* [About this task]:
Search the data for "Temperatur". Each line containing it is to be copied.

* [Extracted data]:

= Beginning of Section =

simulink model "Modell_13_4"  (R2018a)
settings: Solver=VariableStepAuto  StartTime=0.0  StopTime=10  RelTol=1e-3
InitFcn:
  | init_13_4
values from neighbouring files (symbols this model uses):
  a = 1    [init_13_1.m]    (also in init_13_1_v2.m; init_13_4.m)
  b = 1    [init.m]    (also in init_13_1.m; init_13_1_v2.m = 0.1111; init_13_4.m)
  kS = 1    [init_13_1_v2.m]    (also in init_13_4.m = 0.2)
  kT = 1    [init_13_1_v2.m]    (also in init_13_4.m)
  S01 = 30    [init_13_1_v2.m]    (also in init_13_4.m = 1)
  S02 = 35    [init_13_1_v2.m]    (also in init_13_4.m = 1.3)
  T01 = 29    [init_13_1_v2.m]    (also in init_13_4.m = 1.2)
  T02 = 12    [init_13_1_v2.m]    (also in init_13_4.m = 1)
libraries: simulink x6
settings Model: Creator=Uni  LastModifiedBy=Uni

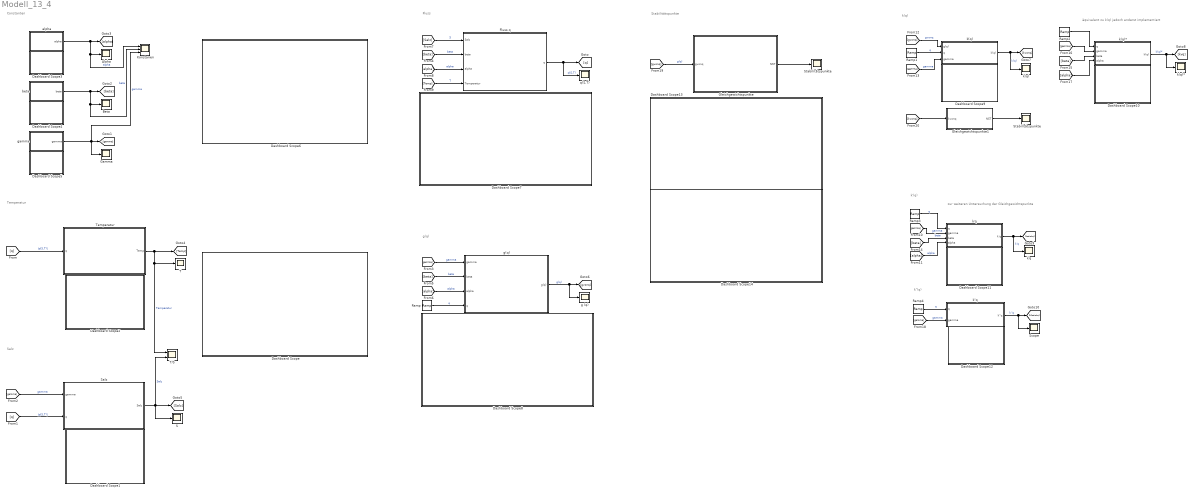
== system Modell_13_4 ==
  note: zur weiteren Untersuchung der Gleichgewichtspunkte
  note: äquivalent zu k(q) jedoch anderst implementiert
  note: Constanten
  note: Temperatur
  note: Salz
  note: Fluss
  note: g(q)
  note: k(q)
  note: k'(q)
  note: k''(q)
  note: Stabilitätspunkte
  "Alpha  " : Scope
  "Beta  " : Scope
  Dashboard Scope : Subsystem  DialogController=hmiCreateDDGDialog  IsWebBlock=on  mask(MWDashboardBlock){webBlockId=854b461d-b81b-4331-ae50-240d57b21fb6, webBlockType=sdiscope, ShowInitialText=on, HMISrcModelName=Modell_13_4}
      mask prompts: webBlockId "WebBlock Id"; webBlockType "WebBlock Type"; HMISrcModelName "Source Model"
      mask help: SimulinkHMI:dialogs:HMIScopeDialogDesc
      mask Help: helpview([docroot '/mapfiles/simulink.map'], 'hmi_scope')
      mask Display:
      | if strcmp(get_param(bdroot(gcb),'BlockDiagramType'), 'library')
      |     image([(matlabroot) '/toolbox/simulink/hmi/icons/DashboardScope.png']);
      | end
  Dashboard Scope1 : Subsystem  DialogController=hmiCreateDDGDialog  IsWebBlock=on  mask(MWDashboardBlock){webBlockId=7f7a471b-39fc-4547-a7c6-677876030e47, webBlockType=sdiscope, ShowInitialText=on, HMISrcModelName=Modell_13_4}
      mask prompts: webBlockId "WebBlock Id"; webBlockType "WebBlock Type"; HMISrcModelName "Source Model"
      mask help: SimulinkHMI:dialogs:HMIScopeDialogDesc
      mask Help: helpview([docroot '/mapfiles/simulink.map'], 'hmi_scope')
      mask Display:
      | if strcmp(get_param(bdroot(gcb),'BlockDiagramType'), 'library')
      |     image([(matlabroot) '/toolbox/simulink/hmi/icons/DashboardScope.png']);
      | end
  Dashboard Scope10 : Subsystem  DialogController=hmiCreateDDGDialog  IsWebBlock=on  mask(MWDashboardBlock){webBlockId=e9faae5f-bdb8-4bd3-b82d-94e99010152a, webBlockType=sdiscope, ShowInitialText=on, HMISrcModelName=Modell_13_4}
      mask prompts: webBlockId "WebBlock Id"; webBlockType "WebBlock Type"; HMISrcModelName "Source Model"
      mask help: SimulinkHMI:dialogs:HMIScopeDialogDesc
      mask Help: helpview([docroot '/mapfiles/simulink.map'], 'hmi_scope')
      mask Display:
      | if strcmp(get_param(bdroot(gcb),'BlockDiagramType'), 'library')
      |     image([(matlabroot) '/toolbox/simulink/hmi/icons/DashboardScope.png']);
      | end
  Dashboard Scope11 : Subsystem  DialogController=hmiCreateDDGDialog  IsWebBlock=on  mask(MWDashboardBlock){webBlockId=d754939e-ca63-44a8-967f-c9c516d626a3, webBlockType=sdiscope, ShowInitialText=on, HMISrcModelName=Modell_13_4}
      mask prompts: webBlockId "WebBlock Id"; webBlockType "WebBlock Type"; HMISrcModelName "Source Model"
      mask help: SimulinkHMI:dialogs:HMIScopeDialogDesc
      mask Help: helpview([docroot '/mapfiles/simulink.map'], 'hmi_scope')
      mask Display:
      | if strcmp(get_param(bdroot(gcb),'BlockDiagramType'), 'library')
      |     image([(matlabroot) '/toolbox/simulink/hmi/icons/DashboardScope.png']);
      | end
  Dashboard Scope12 : Subsystem  DialogController=hmiCreateDDGDialog  IsWebBlock=on  mask(MWDashboardBlock){webBlockId=49b11e21-cd19-4085-841a-4c8ad6c4669a, webBlockType=sdiscope, ShowInitialText=on, HMISrcModelName=Modell_13_4}
      mask prompts: webBlockId "WebBlock Id"; webBlockType "WebBlock Type"; HMISrcModelName "Source Model"
      mask help: SimulinkHMI:dialogs:HMIScopeDialogDesc
      mask Help: helpview([docroot '/mapfiles/simulink.map'], 'hmi_scope')
      mask Display:
      | if strcmp(get_param(bdroot(gcb),'BlockDiagramType'), 'library')
      |     image([(matlabroot) '/toolbox/simulink/hmi/icons/DashboardScope.png']);
      | end
  Dashboard Scope13 : Subsystem  DialogController=hmiCreateDDGDialog  IsWebBlock=on  mask(MWDashboardBlock){webBlockId=74d707f4-6cfa-4c83-b124-9e9615c37039, webBlockType=sdiscope, ShowInitialText=on, HMISrcModelName=Modell_13_4}
      mask prompts: webBlockId "WebBlock Id"; webBlockType "WebBlock Type"; HMISrcModelName "Source Model"
      mask help: SimulinkHMI:dialogs:HMIScopeDialogDesc
      mask Help: helpview([docroot '/mapfiles/simulink.map'], 'hmi_scope')
      mask Display:
      | if strcmp(get_param(bdroot(gcb),'BlockDiagramType'), 'library')
      |     image([(matlabroot) '/toolbox/simulink/hmi/icons/DashboardScope.png']);
      | end
  Dashboard Scope14 : Subsystem  DialogController=hmiCreateDDGDialog  IsWebBlock=on  mask(MWDashboardBlock){webBlockId=fc663eb7-b81d-4848-90d8-83969ab93d4d, webBlockType=sdiscope, ShowInitialText=on, HMISrcModelName=Modell_13_4}
      mask prompts: webBlockId "WebBlock Id"; webBlockType "WebBlock Type"; HMISrcModelName "Source Model"
      mask help: SimulinkHMI:dialogs:HMIScopeDialogDesc
      mask Help: helpview([docroot '/mapfiles/simulink.map'], 'hmi_scope')
      mask Display:
      | if strcmp(get_param(bdroot(gcb),'BlockDiagramType'), 'library')
      |     image([(matlabroot) '/toolbox/simulink/hmi/icons/DashboardScope.png']);
      | end
  Dashboard Scope2 : Subsystem  DialogController=hmiCreateDDGDialog  IsWebBlock=on  mask(MWDashboardBlock){webBlockId=1b08e5c6-2358-4da8-8eb8-13905008bf28, webBlockType=sdiscope, ShowInitialText=on, HMISrcModelName=Modell_13_4}
      mask prompts: webBlockId "WebBlock Id"; webBlockType "WebBlock Type"; HMISrcModelName "Source Model"
      mask help: SimulinkHMI:dialogs:HMIScopeDialogDesc
      mask Help: helpview([docroot '/mapfiles/simulink.map'], 'hmi_scope')
      mask Display:
      | if strcmp(get_param(bdroot(gcb),'BlockDiagramType'), 'library')
      |     image([(matlabroot) '/toolbox/simulink/hmi/icons/DashboardScope.png']);
      | end
  Dashboard Scope3 : Subsystem  DialogController=hmiCreateDDGDialog  IsWebBlock=on  mask(MWDashboardBlock){webBlockId=a47f5120-d3ce-4c5d-b3c3-8fa528aa0ec0, webBlockType=sdiscope, ShowInitialText=on, HMISrcModelName=Modell_13_4}
      mask prompts: webBlockId "WebBlock Id"; webBlockType "WebBlock Type"; HMISrcModelName "Source Model"
      mask help: SimulinkHMI:dialogs:HMIScopeDialogDesc
      mask Help: helpview([docroot '/mapfiles/simulink.map'], 'hmi_scope')
      mask Display:
      | if strcmp(get_param(bdroot(gcb),'BlockDiagramType'), 'library')
      |     image([(matlabroot) '/toolbox/simulink/hmi/icons/DashboardScope.png']);
      | end
  Dashboard Scope4 : Subsystem  DialogController=hmiCreateDDGDialog  IsWebBlock=on  mask(MWDashboardBlock){webBlockId=5cf636ce-0408-41c8-9564-e2cc551487d2, webBlockType=sdiscope, ShowInitialText=on, HMISrcModelName=Modell_13_4}
      mask prompts: webBlockId "WebBlock Id"; webBlockType "WebBlock Type"; HMISrcModelName "Source Model"
      mask help: SimulinkHMI:dialogs:HMIScopeDialogDesc
      mask Help: helpview([docroot '/mapfiles/simulink.map'], 'hmi_scope')
      mask Display:
      | if strcmp(get_param(bdroot(gcb),'BlockDiagramType'), 'library')
      |     image([(matlabroot) '/toolbox/simulink/hmi/icons/DashboardScope.png']);
      | end
  Dashboard Scope5 : Subsystem  DialogController=hmiCreateDDGDialog  IsWebBlock=on  mask(MWDashboardBlock){webBlockId=c9c44e21-7c58-423a-a168-a527239bde70, webBlockType=sdiscope, ShowInitialText=on, HMISrcModelName=Modell_13_4}
      mask prompts: webBlockId "WebBlock Id"; webBlockType "WebBlock Type"; HMISrcModelName "Source Model"
      mask help: SimulinkHMI:dialogs:HMIScopeDialogDesc
      mask Help: helpview([docroot '/mapfiles/simulink.map'], 'hmi_scope')
      mask Display:
      | if strcmp(get_param(bdroot(gcb),'BlockDiagramType'), 'library')
      |     image([(matlabroot) '/toolbox/simulink/hmi/icons/DashboardScope.png']);
      | end
  Dashboard Scope6 : Subsystem  DialogController=hmiCreateDDGDialog  IsWebBlock=on  mask(MWDashboardBlock){webBlockId=0b603d14-c2c9-4b2c-b2f2-9b03c16b8633, webBlockType=sdiscope, ShowInitialText=on, HMISrcModelName=Modell_13_4}
      mask prompts: webBlockId "WebBlock Id"; webBlockType "WebBlock Type"; HMISrcModelName "Source Model"
      mask help: SimulinkHMI:dialogs:HMIScopeDialogDesc
      mask Help: helpview([docroot '/mapfiles/simulink.map'], 'hmi_scope')
      mask Display:
      | if strcmp(get_param(bdroot(gcb),'BlockDiagramType'), 'library')
      |     image([(matlabroot) '/toolbox/simulink/hmi/icons/DashboardScope.png']);
      | end
  Dashboard Scope7 : Subsystem  DialogController=hmiCreateDDGDialog  IsWebBlock=on  mask(MWDashboardBlock){webBlockId=c70abfab-ecf9-4bec-b1b7-c632d18348ec, webBlockType=sdiscope, ShowInitialText=on, HMISrcModelName=Modell_13_4}
      mask prompts: webBlockId "WebBlock Id"; webBlockType "WebBlock Type"; HMISrcModelName "Source Model"
      mask help: SimulinkHMI:dialogs:HMIScopeDialogDesc
      mask Help: helpview([docroot '/mapfiles/simulink.map'], 'hmi_scope')
      mask Display:
      | if strcmp(get_param(bdroot(gcb),'BlockDiagramType'), 'library')
      |     image([(matlabroot) '/toolbox/simulink/hmi/icons/DashboardScope.png']);
      | end
  Dashboard Scope8 : Subsystem  DialogController=hmiCreateDDGDialog  IsWebBlock=on  mask(MWDashboardBlock){webBlockId=2b5c55f2-ffa8-44da-abc3-f3dfc5f5c374, webBlockType=sdiscope, ShowInitialText=on, HMISrcModelName=Modell_13_4}
      mask prompts: webBlockId "WebBlock Id"; webBlockType "WebBlock Type"; HMISrcModelName "Source Model"
      mask help: SimulinkHMI:dialogs:HMIScopeDialogDesc
      mask Help: helpview([docroot '/mapfiles/simulink.map'], 'hmi_scope')
      mask Display:
      | if strcmp(get_param(bdroot(gcb),'BlockDiagramType'), 'library')
      |     image([(matlabroot) '/toolbox/simulink/hmi/icons/DashboardScope.png']);
      | end
  Dashboard Scope9 : Subsystem  DialogController=hmiCreateDDGDialog  IsWebBlock=on  mask(MWDashboardBlock){webBlockId=a8edbba9-a096-42fb-b278-9aa01456f4ca, webBlockType=sdiscope, ShowInitialText=on, HMISrcModelName=Modell_13_4}
      mask prompts: webBlockId "WebBlock Id"; webBlockType "WebBlock Type"; HMISrcModelName "Source Model"
      mask help: SimulinkHMI:dialogs:HMIScopeDialogDesc
      mask Help: helpview([docroot '/mapfiles/simulink.map'], 'hmi_scope')
      mask Display:
      | if strcmp(get_param(bdroot(gcb),'BlockDiagramType'), 'library')
      |     image([(matlabroot) '/toolbox/simulink/hmi/icons/DashboardScope.png']);
      | end
  Fluss q : Subsystem
  "Gamma  " : Scope
  Gleichgewichtspunkte : Subsystem
  Gleichgewichtspunkte1 : Subsystem
  Konstanen : Scope  NumInputPorts=3
  Ramp{,1..4} (5 alike) : simulink/Sources/Ramp  slope=1  start=0  InitialOutput=0
  S : Scope
  Salz : Subsystem
  Scope : Scope
  Stabilitätspunkte : Scope
  "Stabilitätspunkte " : Scope
  T : Scope
  T/S : Scope  NumInputPorts=2
  Temperatur : Subsystem
  alpha : Subsystem
  beta : Subsystem
  g (q) : Scope
  g(q) : Subsystem
  gamma : Subsystem
  k''q : Subsystem
  k'q : Subsystem
  "k'q " : Scope
  k(q) : Subsystem
  "k(q) " : Scope
  k(q)* : Subsystem
  "k(q)* " : Scope
  q(S,T) : Scope
  wires:
  Fluss q/1(q) -> q(S,T)/1, [q]  "q(S,T)"
  gamma/1(gamma) -> Konstanen/3, "Gamma  "/1, [gamma]  "gamma"
  g(q)/1(g(q)) -> [gvonq], g (q)/1  "g(q)"
  [q] -> Salz/2(q)  "|q(S,T)|"
  [q] -> Temperatur/1(q)  "|q(S,T)|"
  [gamma] -> g(q)/1(gamma)  "gamma"
  [gamma] -> Salz/1(gamma)  "gamma"
  beta/1(beta) -> "Beta  "/1, Konstanen/2, [beta]  "beta"
  [beta] -> Fluss q/2(beta)  "beta"
  [beta] -> g(q)/2(beta)  "beta"
  alpha/1(alpha) -> "Alpha  "/1, Konstanen/1, [alpha]  "alpha"
  Temperatur/1(Temp) -> [Temp], T/1, T/S/1  "Temperatur"
  Salz/1("Salz ") -> S/1, [Salz], T/S/2  "Salz"
  [Salz] -> Fluss q/1(Salz)  "S"
  [alpha] -> Fluss q/3(alpha)  "alpha"
  [Temp] -> Fluss q/4(Temperatur)  "T"
  [gvonq] -> k(q)/1(g(q))  "gvonq"
  Ramp1/1 -> k(q)/2(q)  "q"
  [gamma] -> k(q)/3(gamma)  "gamma"
  k(q)/1(k(q)) -> "k(q) "/1, [kvonq]  "k(q)"
  k(q)*/1(k(q)) -> "k(q)* "/1, [kvq]  "k(q)*"
  [gamma] -> k(q)*/2(gamma)
  [beta] -> k(q)*/3("beta ")
  [alpha] -> k(q)*/4(alpha)
  Ramp/1 -> g(q)/4(q)  "q"
  Ramp2/1 -> k(q)*/1(q)
  Ramp3/1 -> k'q/1(q)  "q"
  [gamma] -> k'q/2(gamma)  "gamma"
  [beta] -> k'q/3(beta)  "beta"
  [alpha] -> k'q/4(alpha)  "alpha"
  k'q/1(k'q) -> "k'q "/1, [kstrichq]  "k'q"
  Ramp4/1 -> k''q/1(q)  "q"
  [gamma] -> k''q/2(gamma)  "gamma"
  k''q/1(k''q) -> Scope/1, [k2strichq]  "k''q"
  [alpha] -> g(q)/3(alpha)  "alpha"
  [gvonq] -> Gleichgewichtspunkte/1(gvonq)  "g(q)"
  Gleichgewichtspunkte/1(NST) -> Stabilitätspunkte/1
  [kvonq] -> Gleichgewichtspunkte1/1(kvonq)
  Gleichgewichtspunkte1/1(NST) -> "Stabilitätspunkte "/1

== system Modell_13_4/Dashboard Scope ==

== system Modell_13_4/Dashboard Scope1 ==

== system Modell_13_4/Dashboard Scope10 ==

== system Modell_13_4/Dashboard Scope11 ==

== system Modell_13_4/Dashboard Scope12 ==

== system Modell_13_4/Dashboard Scope13 ==

== system Modell_13_4/Dashboard Scope14 ==

== system Modell_13_4/Dashboard Scope2 ==

== system Modell_13_4/Dashboard Scope3 ==

== system Modell_13_4/Dashboard Scope4 ==

== system Modell_13_4/Dashboard Scope5 ==

== system Modell_13_4/Dashboard Scope6 ==

== system Modell_13_4/Dashboard Scope7 ==

== system Modell_13_4/Dashboard Scope8 ==

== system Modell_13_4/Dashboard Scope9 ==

= End of Section =

* [Exercise result]:
  note: Temperatur
  Temperatur : Subsystem
  [q] -> Temperatur/1(q)  "|q(S,T)|"
  Temperatur/1(Temp) -> [Temp], T/1, T/S/1  "Temperatur"
  [Temp] -> Fluss q/4(Temperatur)  "T"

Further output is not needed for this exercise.